__Exercise description__. Filter the listing below down to the lines with the word "point" and copy those.

__Data for review__.
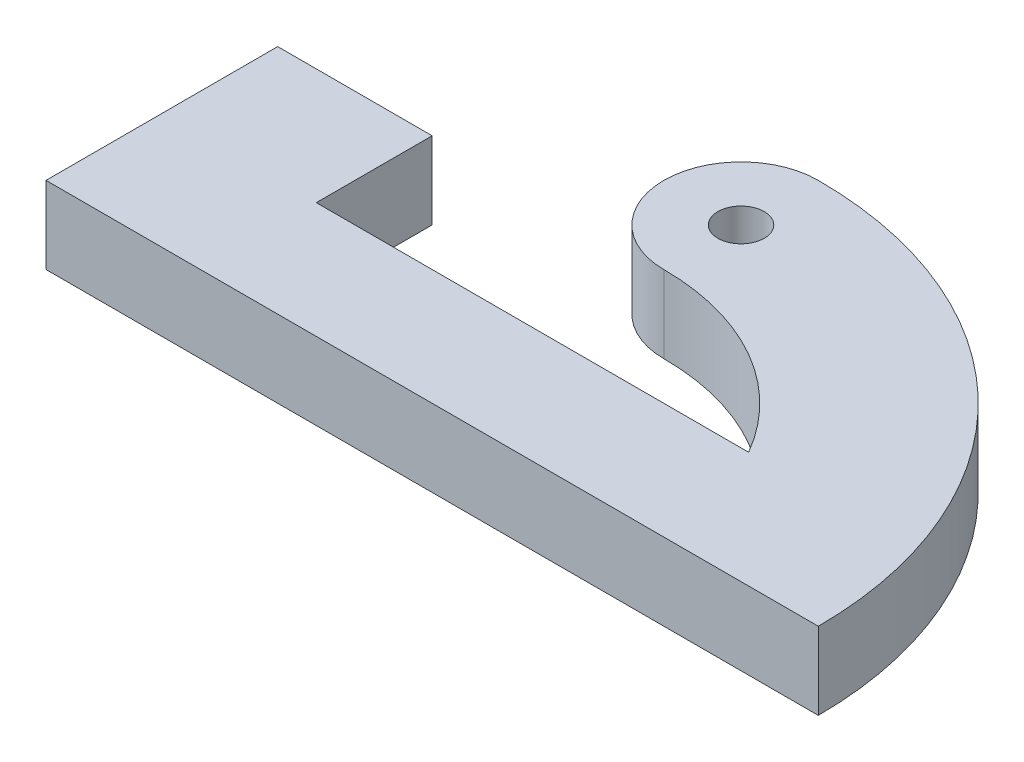
SolidWorks part; units mm, degrees
ref_plane "前视基准面" through (0, 0, 0) normal (0, 0, 1) x (1, 0, 0)
ref_plane "上视基准面" through (0, 0, 0) normal (0, 1, 0) x (1, 0, 0)
ref_plane "右视基准面" through (0, 0, 0) normal (1, 0, 0) x (0, 0, -1)
other "Configuration Table"
sketch "草图1" plane through (0, 0, 0) normal (0, 1, 0) x (1, 0, 0)
  line L2 (-50, 0) -> (0, 0)
  line L4 (-50, 0) -> (-50, 30)
  line L5 (-50, 30) -> (-30, 30)
  line L6 (-30, 15) -> (-30, 30)
  line L7 (0, 0) -> (50, 0)
  line L8 (-30, 15) -> (25.9808, 15)
  arc A0 (50, 0) -> (0, 50) centre (0, 0) ccw
  arc A1 (25.9808, 15) -> (0, 30) centre (0, 0) ccw
  arc A2 (0, 50) -> (0, 30) centre (0, 40) ccw
  circle A3 centre (0, 40) radius 3
  dimension "D1" = 30
  dimension "D2" = 50
  dimension "D5" = 6
  dimension "D3" = 20
  dimension "D4" = 30
extrude "凸台-拉伸1" add sketch "草图1" along normal blind 10
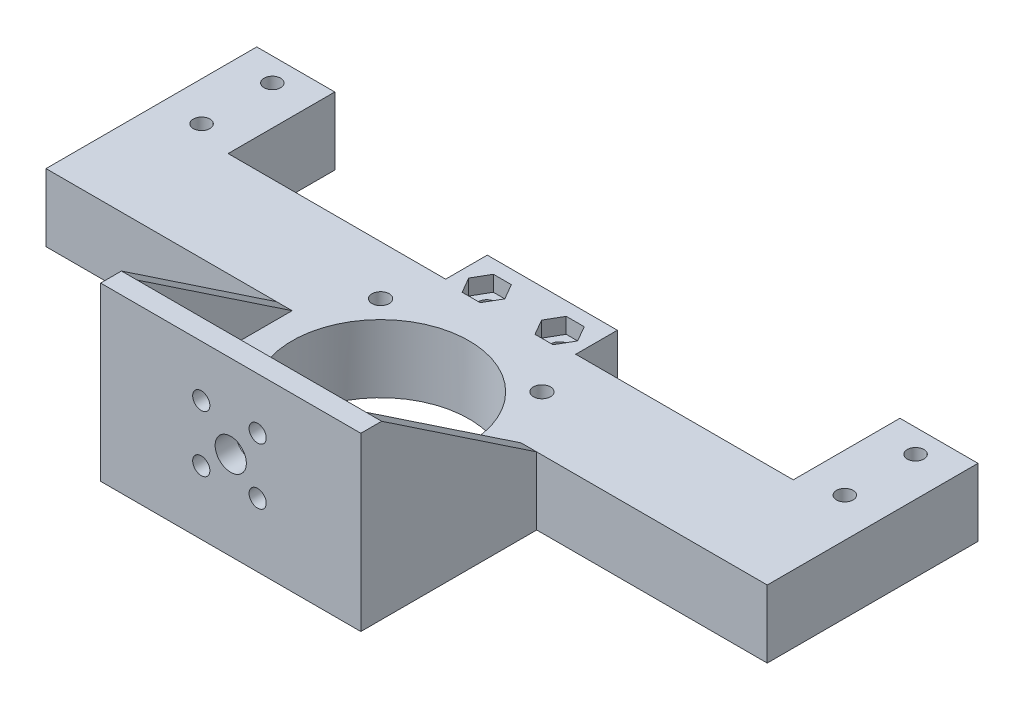
SolidWorks part; units mm, degrees
ref_plane "前视基准面" through (0, 0, 0) normal (0, 0, 1) x (1, 0, 0)
ref_plane "上视基准面" through (0, 0, 0) normal (0, 1, 0) x (1, 0, 0)
ref_plane "右视基准面" through (0, 0, 0) normal (1, 0, 0) x (0, 0, -1)
sketch "草图2" plane through (0, 0, 0) normal (0, 1, 0) x (1, 0, 0)
  line L15 (-44.3, 33.8) -> (-44.3, 74.3)
  line L16 (-44.3, 74.3) -> (-29.3, 74.3)
  line L17 (-29.3, 74.3) -> (-29.3, 53.8)
  line L18 (-29.3, 53.8) -> (12.5, 53.8)
  line L19 (12.5, 53.8) -> (12.5, 61.8)
  line L20 (12.5, 61.8) -> (37.5, 61.8)
  line L21 (37.5, 61.8) -> (37.5, 53.8)
  line L22 (37.5, 53.8) -> (79.3, 53.8)
  line L23 (79.3, 53.8) -> (79.3, 74.3)
  line L24 (79.3, 74.3) -> (94.3, 74.3)
  line L25 (94.3, 74.3) -> (94.3, 33.8)
  line L27 (-44.3, 33.8) -> (0, 33.8)
  line L28 (0, 33.8) -> (0, 0)
  line L29 (0, 0) -> (50, 0)
  line L30 (50, 0) -> (50, 33.8)
  line L31 (50, 33.8) -> (94.3, 33.8)
  line L32 (25, -43.9837) -> (25, 32.7782) construction
  line L33 (86.8, 69.8) -> (86.8, -14.8283) construction
  line L34 (-36.8, 69.8) -> (-36.8, -33.736) construction
  line L35 (25, 66.1921) -> (25, -26.5769) construction
  circle A0 centre (-36.8, 69.8) radius 1.6
  circle A1 centre (-36.8, 56.2) radius 1.6
  circle A2 centre (86.8, 69.8) radius 1.6
  circle A3 centre (86.8, 56.2) radius 1.6
  circle A6 centre (18, 56.2) radius 1.6
  circle A7 centre (32, 56.2) radius 1.6
  circle A10 centre (25, 28.8) radius 17
  circle A11 centre (40.5, 44.3) radius 1.65
  circle A12 centre (40.5, 13.3) radius 1.65
  circle A13 centre (9.5, 13.3) radius 1.65
  circle A14 centre (9.5, 44.3) radius 1.65
  point P0 (-36.8, 56.2)
  point P1 (86.8, 56.2)
  point P2 (86.8, 69.8)
  point P3 (-36.8, 69.8)
  point P4 (32, 56.2)
  point P6 (18, 56.2)
  point P10 (86.8, 43.9236)
  point P11 (0, 0)
  point P39 (0, 0)
  point P50 (25, 28.8)
  dimension "D2" = 123.6
  dimension "D20" = 3.2
  dimension "D22" = 34
  dimension "D7" = 28.8
  dimension "D10" = 50
  dimension "D11" = 25
  dimension "D14" = 3.3
  dimension "D17" = 31
  dimension "D3" = 13.6
  dimension "D4" = 14
  dimension "D5" = 54.8
  dimension "D8" = 8
  dimension "D9" = 25
  dimension "D12" = 15
  dimension "D13" = 15
  dimension "D15" = 20
  dimension "D16" = 4
  dimension "D18" = 4.5
extrude "凸台-拉伸2" add sketch "草图2" along normal blind 13
sketch "草图3" plane through (0, 13, 0) normal (0, 1, 0) x (1, 0, 0)
  line L1 (21.4641, 56.2) -> (19.7321, 59.2)
  line L2 (19.7321, 59.2) -> (16.2679, 59.2)
  line L3 (16.2679, 59.2) -> (14.5359, 56.2)
  line L4 (14.5359, 56.2) -> (16.2679, 53.2)
  line L5 (16.2679, 53.2) -> (19.7321, 53.2)
  line L6 (19.7321, 53.2) -> (21.4641, 56.2)
  line L7 (35.4641, 56.2) -> (33.7321, 59.2)
  line L8 (33.7321, 59.2) -> (30.2679, 59.2)
  line L9 (30.2679, 59.2) -> (28.5359, 56.2)
  line L10 (28.5359, 56.2) -> (30.2679, 53.2)
  line L11 (30.2679, 53.2) -> (33.7321, 53.2)
  line L12 (33.7321, 53.2) -> (35.4641, 56.2)
  circle A0 centre (18, 56.2) radius 3 construction
  circle A1 centre (32, 56.2) radius 3 construction
  dimension "D1" = 6
  dimension "D2" = 6
extrude "切除-拉伸1" cut sketch "草图3" against normal blind 3
sketch "草图6" plane through (0, 13, 0) normal (0, 1, 0) x (1, 0, 0)
  line L0 (0, 33.8) -> (0, 0)
  line L1 (0, 0) -> (50, 0)
  line L2 (0, 0) -> (50, 0) construction
  line L3 (50, 0) -> (50, 33.8)
  line L4 (50, 33.8) -> (47, 33.8)
  line L5 (47, 33.8) -> (47, 4)
  line L6 (47, 4) -> (3, 4)
  line L7 (3, 4) -> (3, 33.8)
  line L8 (3, 33.8) -> (0, 33.8)
  line L9 (25, 28.8) -> (25, -10.253) construction
  line L10 (50, 0) -> (50, 33.8) construction
  line L11 (50, 33.8) -> (94.3, 33.8) construction
  dimension "D1" = 4
  dimension "D2" = 3
  dimension "D3" = 3
extrude "凸台-拉伸3" add sketch "草图6" along normal blind 20
sketch "草图7" plane through (0, 0, 0) normal (-1, 0, 0) x (0, 0, 1)
  line L0 (-33.8, 13) -> (-4, 33)
  line L1 (-4, 33) -> (-33.8, 33)
  line L2 (-33.8, 33) -> (-33.8, 13)
  line L3 (-33.8, 33) -> (0, 33) construction
extrude "切除-拉伸2" cut sketch "草图7" against normal through all
sketch "草图8" plane through (0, 13, 0) normal (0, 1, 0) x (1, 0, 0)
  line L0 (25, 4) -> (25, 16.5176) construction
  line L1 (47, 4) -> (3, 4) construction
  line L2 (47, 4) -> (3, 4) construction
  line L3 (13, 4) -> (37, 4)
  line L4 (13, 4) -> (13, 24)
  line L5 (13, 24) -> (37, 24)
  line L6 (37, 4) -> (37, 24)
  dimension "D1" = 24
  dimension "D2" = 20
extrude "切除-拉伸3" cut sketch "草图8" against normal blind 6
sketch "草图10" plane through (0, 0, 0) normal (0, 0, 1) x (1, 0, 0)
  line L0 (25, 33) -> (25, -8.8083) construction
  line L1 (0, 33) -> (50, 33) construction
  line L2 (13, 7) -> (37, 7) construction
  circle A0 centre (25, 17) radius 3
  circle A1 centre (30.1735, 23.1021) radius 1.65
  circle A2 centre (30.1735, 12.2647) radius 1.65
  circle A3 centre (19.3361, 12.2647) radius 1.65
  circle A4 centre (19.3361, 23.1021) radius 1.65
  point P19 (24.7548, 17.6834)
  dimension "D1" = 10
  dimension "D2" = 6
  dimension "D3" = 3.3
  dimension "D4" = 8
  dimension "D5" = 4
extrude "切除-拉伸4" cut sketch "草图10" against normal blind 5
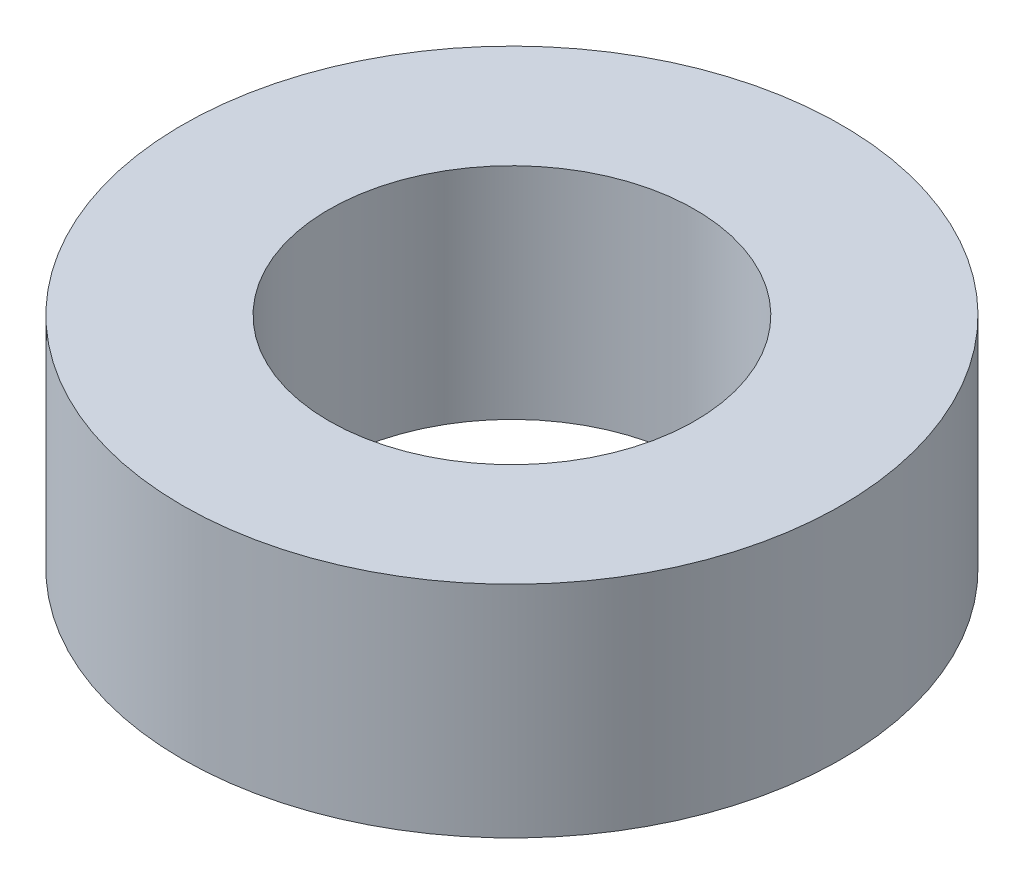
SolidWorks part; units mm, degrees
ref_plane "Front Plane" through (0, 0, 0) normal (0, 0, 1) x (1, 0, 0)
ref_plane "Top Plane" through (0, 0, 0) normal (0, 1, 0) x (1, 0, 0)
ref_plane "Right Plane" through (0, 0, 0) normal (1, 0, 0) x (0, 0, -1)
sketch "Sketch1" plane through (0, 0, 0) normal (0, 1, 0) x (1, 0, 0)
  circle A0 centre (0, 0) radius 9
  circle A1 centre (0, 0) radius 5
extrude "Boss-Extrude1" add sketch "Sketch1" along normal mid plane 6
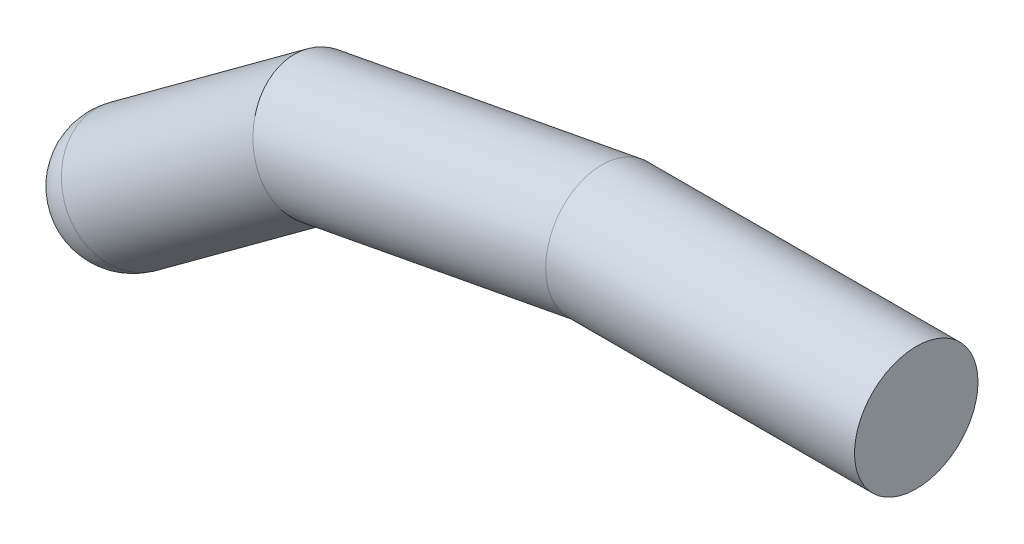
SolidWorks part; units mm, degrees
ref_plane "Front Plane" through (0, 0, 0) normal (0, 0, 1) x (1, 0, 0)
ref_plane "Top Plane" through (0, 0, 0) normal (0, 1, 0) x (1, 0, 0)
ref_plane "Right Plane" through (0, 0, 0) normal (1, 0, 0) x (0, 0, -1)
sketch "Sketch1" plane through (0, 0, 0) normal (0, 0, 1) x (1, 0, 0)
  line L0 (0, 0) -> (-20, 0)
  line L1 (-20, 0) -> (-38.6705, -3.5231)
  line L2 (-38.6705, -3.5231) -> (-53.9803, -14.7752)
  dimension "D1" = 20
  dimension "D2" = 19
  dimension "D3" = 19
sketch "Sketch2" plane through (0, 0, 0) normal (1, 0, 0) x (0, 0, -1)
  circle A0 centre (0, 0) radius 4
  dimension "D1" = 8
sweep "Sweep1" add profiles "Sketch2" path "Sketch1"
fillet "Fillet1" radius 4 1 edges at (-53.9803, -14.7752, -4)

__Reply__.
  point P0 (-36.8, 56.2)
  point P1 (86.8, 56.2)
  point P2 (86.8, 69.8)
  point P3 (-36.8, 69.8)
  point P4 (32, 56.2)
  point P6 (18, 56.2)
  point P10 (86.8, 43.9236)
  point P11 (0, 0)
  point P39 (0, 0)
  point P50 (25, 28.8)
  point P19 (24.7548, 17.6834)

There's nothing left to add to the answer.